A Leader with Chutzpah

“Chutzpah,” originally a Yiddish word and now part of the English language, usually suggests singular audacity, unmitigated gall. In this case no other word will do, for the leader to whom I refer recently displayed nothing so much as unmitigated, unadulterated chutzpah. He is the German-born Austrian businessman who leads Volkswagen.

Herbert Diess is Volkswagen’s chief executive officer and chairman of its management board. What did he do that was so outrageous? What did he do while President Vladimir Putin was promoting Ukrainian landgrabs and President Volodymyr Zelensky was railing against Russian atrocities? Diess had the temerity to say that in the interest of commerce the war should quickly be ended. “I think we should do the utmost to really stop this war and get back… to trying to open up the world again. I think we should not give up on open markets and free trade and I think we should not give up on negotiating and trying to settle,” opined Diess.

No surprise that his remarks drew this sharp retort from Ukraine’s foreign minister, Dmytro Kuleba: “The best strategy for major German business would be to fully sever business ties with Russia and then call on Russia to stop the war and return to diplomacy.” And no surprise that Diess’s remarks elicited this sardonic reply from Ukraine’s ambassador to Germany: “In Kyiv people would prefer the VW CEO to address President Putin personally, a man he knows well, and the man who has unleashed this war of destruction against Ukraine.”

On the face of it, what Diess said is not objectionable. All he did was to advocate a return to the negotiating table. But here five reasons why what he said and why him saying it were beyond the pale. First, his argument prioritized money and business over politics and principle. Second, his words were in direct opposition to the stand publicly taken both by NATO and the European Union. Third, the West has made clear that whatever the path to peace, it must be decided by Ukrainians, not by Germans or by anyone else. Fourth, Diess displayed a tin ear for timing. He spoke just as Putin reasserted on May 9, Russia’s Victory Day, that its troops were “fighting on their own land.” And, finally, most importantly, what Diess said was wildly inappropriate because all Russian rhetoric surrounding the war in Ukraine has been laced with the word “Nazis.”

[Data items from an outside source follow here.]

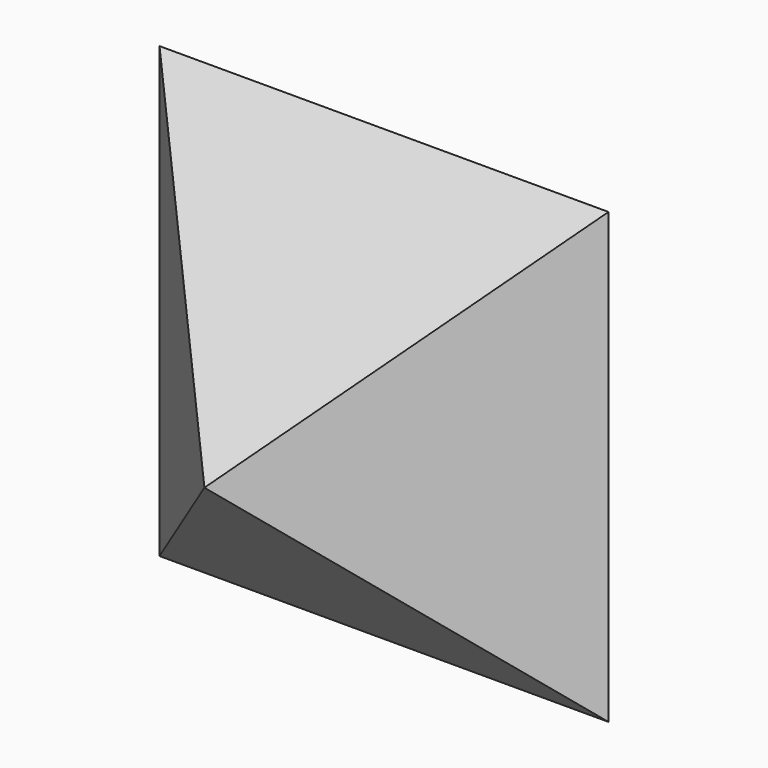
from build123d import *

# Parameters (mm, degrees)
F0_W     = 25.4
F0_H     = 25.4
F1_DEPTH = 25.4
F2_SIZE  = 12.69999
F3_W     = 25.4
F3_H     = 12.7
F4_DEPTH = 25.4


# Not quite as in the source:
# - a fillet or chamfer is up to 0.001 mm smaller than in the source, because OpenCascade refuses the exact size


with BuildPart() as f1:
    # F0 (on Front) → F1 (new body)
    with BuildSketch(Plane.XZ):
        with Locations((-12459.5173980713, 4152.3379470825)):
            Rectangle(F0_W, F0_H)
    extrude(amount=F1_DEPTH)

    # F2 (size 12.7 in the source; OpenCascade refuses exactly that, so slightly less here)
    f2_edges = [f1.edges().sort_by_distance(p)[0] for p in [
        (-12446.817398, -25.4, 4152.337947),
        (-12459.517398, -25.4, 4139.637947),
        (-12472.217398, -25.4, 4152.337947),
        (-12459.517398, -25.4, 4165.037947),
    ]]
    chamfer(f2_edges, length=F2_SIZE)

    # F3 (on face) → F4 (cut)
    with BuildSketch(Plane(origin=(0, 0, 4139.6379470825), x_dir=(1, 0, 0), z_dir=(0, 0, -1))):
        with Locations((-12459.5173980713, 6.35)):
            Rectangle(F3_W, F3_H)
    extrude(amount=-F4_DEPTH, mode=Mode.SUBTRACT)


solid = f1.part

When Putin invaded Ukraine in late February he said Russia would “strive for the demilitarization and denazification of Ukraine.” This “denazification” has been Putin’s most persistent theme, despite no evidence whatsoever that Ukraine’s government is riddled with Nazis. And despite Zelensky himself being a Jew who lost close family during the Holocaust. Still Putin won’t let go. Last week he sent a congratulatory telegram to separatists in eastern Ukraine declaring they and the Russian military were “fighting shoulder to shoulder to liberate their homeland from Nazi filth.” And on May 9, in his ostensibly celebratory Victory Day speech, he reiterated there was “no place in the world for executioners, punishers, and Nazis.”

If Diess were an ordinary CEO astride an ordinary company his remarks would have been ill founded. But he is not. He himself has a checkered history – Diess was prosecuted for his role in Volkswagen’s manipulation of its diesel emissions – and the company he leads has an even much more checkered history.

Volkswagen was established in 1937 by the Nazis. Chancellor Adolf Hitler was deeply involved in Volkswagen from start, decreeing the company should create an inexpensive “people’s car,” capable of carrying two adults and three children. During the Second World War Volkswagen’s mission changed. The production of cars for civilians stopped, while the production of vehicles for the German military started. To increase output and meet its targets Volkswagen used some 15,000 slave laborers, all recruited from concentration camps.

No reason for Volkswagen in the present constantly to atone for its past. But – especially given Putin’s repeated use of Nazis imagery – good reason for Volkswagen in the present to mind its own business. As to Diess, perhaps he likes being a chutzpadik. But it does not become him.